Contrariando suas expectativas, não haviam chegado as cópias dos filmes dele e de outros diretores que havia pedido, nem a mesa de montagem Steenbeck – essenciais para a “missão” que planejara. Também não havia equipamento de filmagem disponível, nem “parecia haver qualquer dinheiro”, segundo Sucksdorff escreveu do Rio, à Unesco, em 15 de outubro.

Na tentativa de assegurar o sucesso da “missão”, Sucksdorff se empenhara pessoalmente muito além do que lhe caberia. Para garantir que a mesa de montagem fosse entregue a tempo, antes de partir para o Rio pagou pessoalmente um depósito ao fabricante, que, até meado de dezembro, ainda não havia sido reembolsado. E a própria mesa só acabou chegando no final de janeiro de 1963, faltando 1 mês para o curso terminar.

Na sucessão de cartas para a Unesco, escritas entre meados de outubro e novembro, Sucksdorff não esconde sua frustração e diz que “sem mesa de montagem, e sem filmes, meu próprio entusiasmo pela tarefa, e o fato de surpreendentemente haver muitos alunos com talento, ansiosos para participarem do seminário, não serão suficientes para assegurar o sucesso da missão.”

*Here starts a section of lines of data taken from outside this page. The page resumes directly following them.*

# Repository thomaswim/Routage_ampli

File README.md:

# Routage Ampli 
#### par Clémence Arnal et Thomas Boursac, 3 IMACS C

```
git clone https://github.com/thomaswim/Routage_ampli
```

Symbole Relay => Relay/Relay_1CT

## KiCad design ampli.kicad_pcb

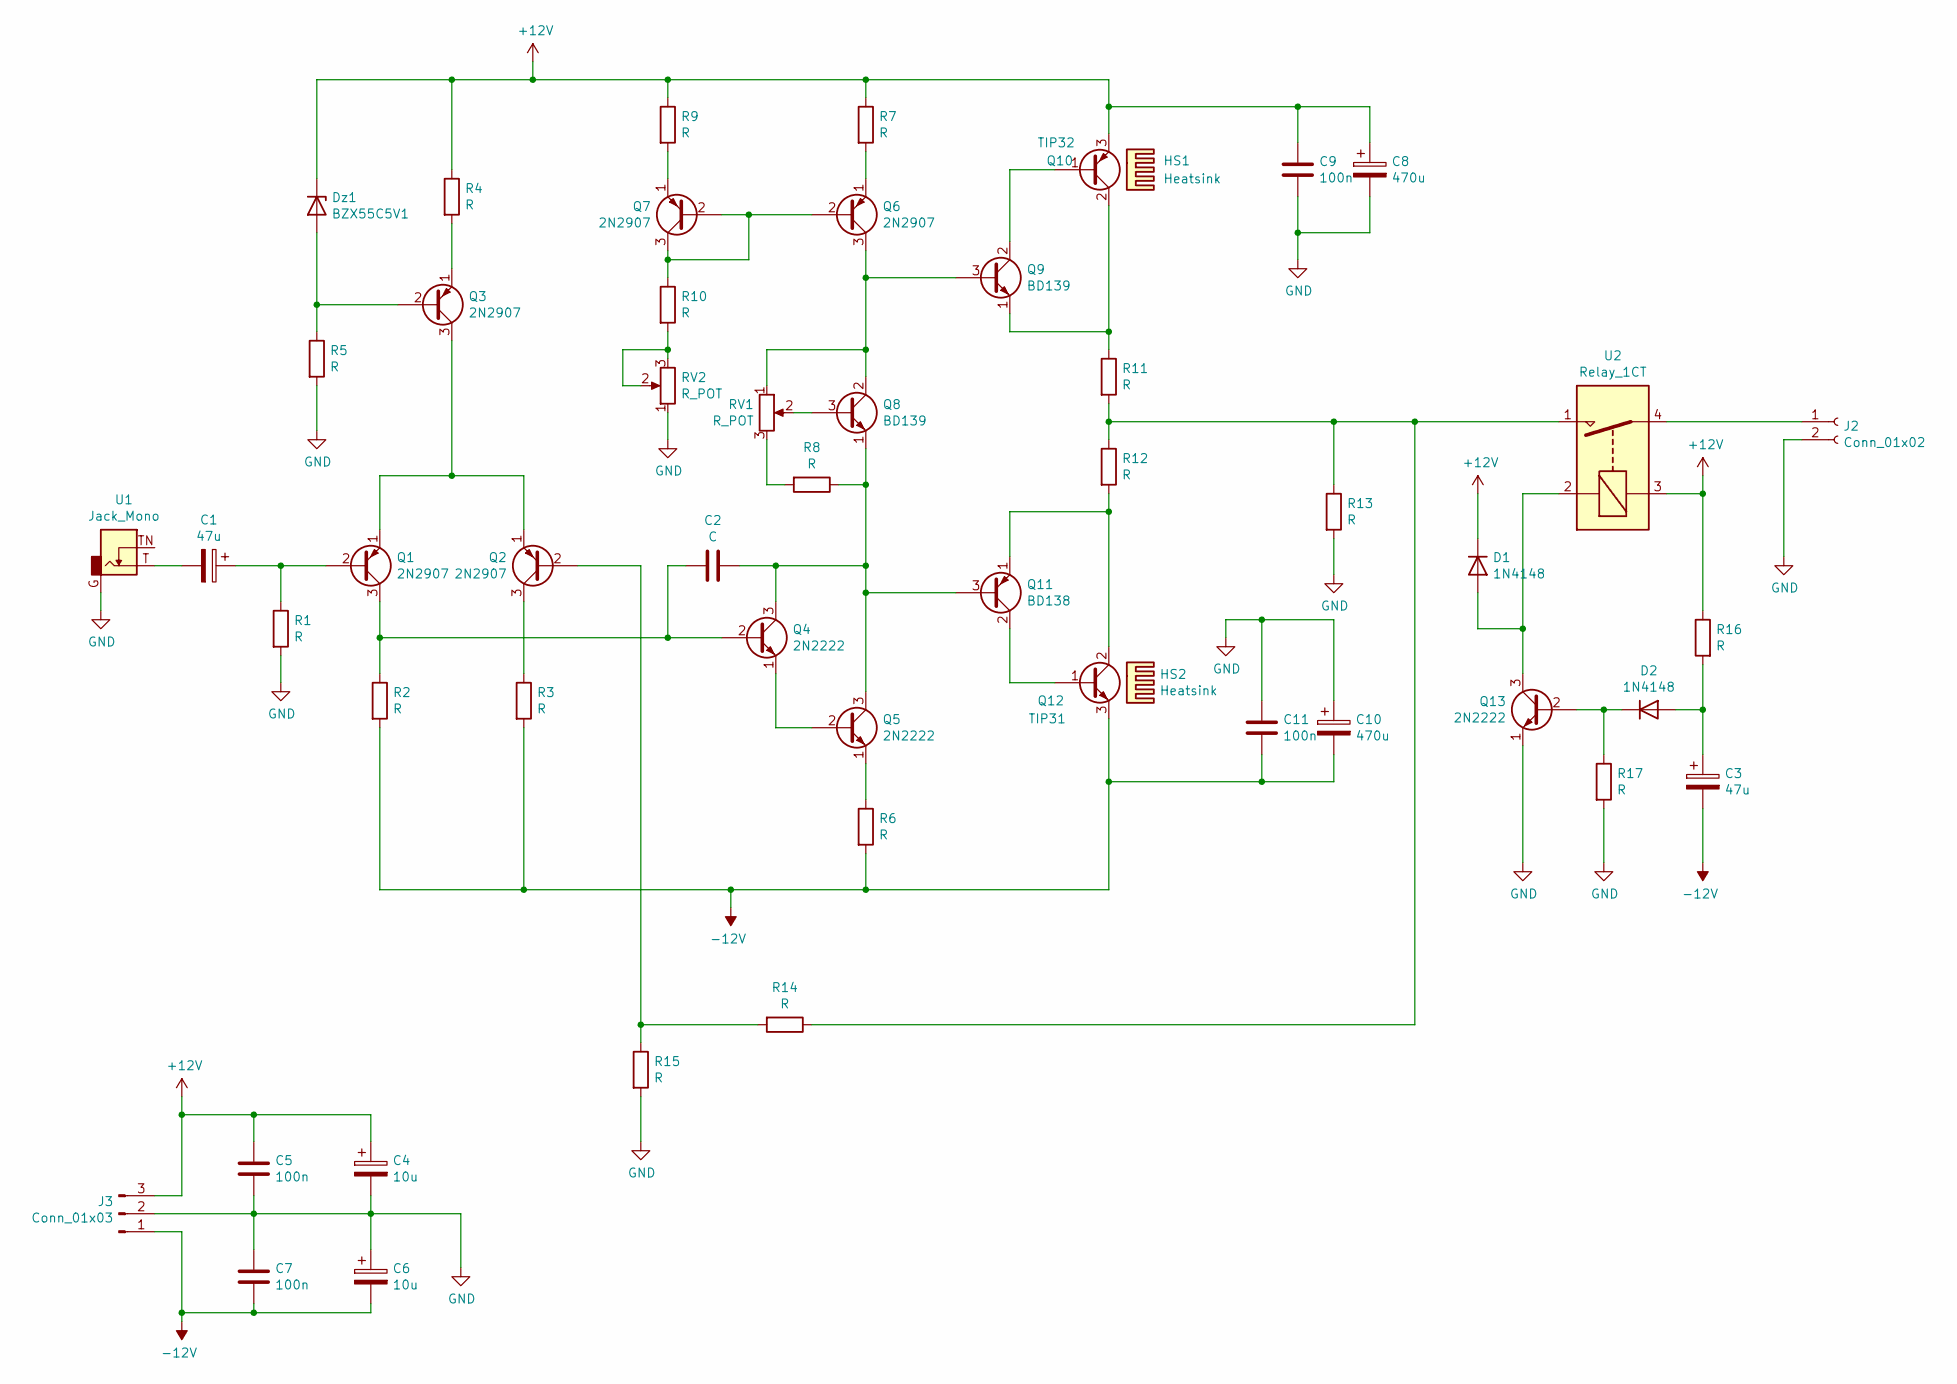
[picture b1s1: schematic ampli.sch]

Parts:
C1, C3: 47u; CP_Radial_D8.0mm_P5.00mm
C2: C; C_Rect_L7.2mm_W3.5mm_P5.00mm_FKS2_FKP2_MKS2_MKP2
C4, C6: 10u; CP_Radial_D8.0mm_P5.00mm
C5, C7, C9, C11: 100n; C_Rect_L7.2mm_W3.5mm_P5.00mm_FKS2_FKP2_MKS2_MKP2
C8, C10: 470u; CP_Radial_D12.5mm_P5.00mm
D1, D2: 1N4148; D_DO-35_SOD27_P10.16mm_Horizontal
Dz1: BZX55C5V1; D_DO-35_SOD27_P10.16mm_Horizontal
HS1, HS2: Heatsink; Heatsink_Fischer_SK104-STC-STIC_35x13mm_2xDrill2.5mm
J2: Conn_01x02; PhoenixContact_MSTBVA_2,5_2-G-5,08_1x02_P5.08mm_Vertical
J3: Conn_01x03; PhoenixContact_MSTBVA_2,5_3-G-5,08_1x03_P5.08mm_Vertical
Q1, Q2, Q3, Q6, Q7: 2N2907; TO-18-3
Q4, Q5, Q13: 2N2222; TO-18-3
Q8, Q9: BD139; TO-126-3_Vertical
Q10: TIP32; TO-220-3_Vertical
Q11: BD138; TO-126-3_Vertical
Q12: TIP31; TO-220-3_Vertical
R1, R2, R3, R4, R5, R6, R7, R8, R9, R10, R13, R14, R15, R16, R17: R; R_Axial_DIN0207_L6.3mm_D2.5mm_P10.16mm_Horizontal
R11, R12: R; R_Axial_DIN0516_L15.5mm_D5.0mm_P20.32mm_Horizontal
RV1, RV2: R_POT; Potentiometer_Bourns_3296W_Vertical
U1: Jack_Mono; Jack_35RAPC2AV
U2: Relay_1CT; OJ-SS-112HM.000_1

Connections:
+12V: C4.1, C5.1, C8.1, C9.1, D1.1 (K), Dz1.1 (K), J3.3, Q10.3 (E), R4.1, R7.1, R9.1, R16.1, U2.3
-12V: C3.2, C6.2, C7.2, C10.2, C11.2, J3.1, Q12.3 (E), R2.2, R3.2, R6.2
GND: C4.2, C5.2, C6.1, C7.1, C8.2, C9.2, C10.1, C11.1, J2.2, J3.2, Q13.1 (E), R1.2, R5.2, R13.2, R15.2, R17.2, RV2.1, U1.G
unnamed: C1.1, Q1.2 (B), R1.1
unnamed: C1.2, U1.T
unnamed: C2.1, Q4.3 (C), Q5.3 (C), Q8.1 (E), Q11.3 (B), R8.1
unnamed: C2.2, Q1.3 (C), Q4.2 (B), R2.1
unnamed: C3.1, D2.2 (A), R16.2
unnamed: D1.2 (A), Q13.3 (C), U2.2
unnamed: D2.1 (K), Q13.2 (B), R17.1
unnamed: Dz1.2 (A), Q3.2 (B), R5.1
unnamed: J2.1, U2.4
unnamed: Q1.1 (E), Q2.1 (E), Q3.3 (C)
unnamed: Q2.2 (B), R14.2, R15.1
unnamed: Q2.3 (C), R3.1
unnamed: Q3.1 (E), R4.2
unnamed: Q4.1 (E), Q5.2 (B)
unnamed: Q5.1 (E), R6.1
unnamed: Q6.1 (E), R7.2
unnamed: Q6.2 (B), Q7.2 (B), Q7.3 (C), R10.1
unnamed: Q6.3 (C), Q8.2 (C), Q9.3 (B), RV1.1
unnamed: Q7.1 (E), R9.2
unnamed: Q8.3 (B), RV1.2
unnamed: Q9.2 (C), Q10.1 (B)
unnamed: Q9.1 (E), Q10.2 (C), R11.1
unnamed: Q11.1 (E), Q12.2 (C), R12.2
unnamed: Q11.2 (C), Q12.1 (B)
unnamed: R8.2, RV1.3
unnamed: R10.2, RV2.2, RV2.3
unnamed: R11.2, R12.1, R13.1, R14.1, U2.1

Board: 2 copper layers, 52 parts (0 on the bottom side), 30 nets, no tracks yet.

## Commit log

2021-03-23 etape 1
2021-03-23 etape 1.2
2021-03-23 etape 1.3
2021-03-23 version 1.4
2021-03-23 test
2021-03-23 version 1.5
2021-03-29 version 1.6
2021-03-29 version 1.7
2021-04-08 version routage 1.0
2021-04-10 clem 1.0
2021-04-10 version4
2021-04-10 test 1.1
2021-04-10 placement 1
2021-04-10 placement2

Anunciando que faria um novo plano de ensino, declara que “agora será totalmente impossível concluir o seminário até 1 de março de 1963”, iniciando sua campanha pela prorrogação do curso, o que acabou acontecendo às custas do Departamento Cultural do Itamaraty.

Sucksdorff apela, finalmente, para Henny de Jong, pedindo que (1) o seminário seja prolongado, (2) seja providenciada pela Unesco a vinda das cópias dos documentários e filmes de ficção pedidos, (3) sejam reservados pelo menos 1000 dos 3000 dólares do orçamento para fazer cópias das melhores sequências desses filmes, (4) dada autorização para ele [Sucksdorff] comprar a mesa de montagem Steenbeck do Ministério das Relações Exteriores quando a missão terminar, (5) aprovado o envio da mesa de montagem Steenbeck e duas câmeras Cameflex, cujo valor é de cerca de 12000 dólares.

Caso a mesa de montagem não chegasse até meados de novembro, escreve Sucksdorff, a missão “teria perdido sentido”, conforme lhe disse “amigavelmente” o terceiro secretário Arnaldo Carrilho, do Departamento Cultural do Itamaraty, diretamente encarregado do curso.

Todos os gastos adicionais pedidos por Sucksdorff são negados por  Henny de Jong. “A verba disponível para a missão é baseada num pedido oficial feito à Unesco pelo governo brasileiro”, ele escreve, “em decorrência do qual, como parte do Programa de Participação da Unesco, foi assinado um acordo com o governo do Brasil, em 5 de junho de 1961 (projeto 5.121.3 – código 013 (PP) 1961-62), definindo as obrigações da Unesco (fornecimento de um especialista por 5 meses e 3000 dólares para equipamento e filme virgem).”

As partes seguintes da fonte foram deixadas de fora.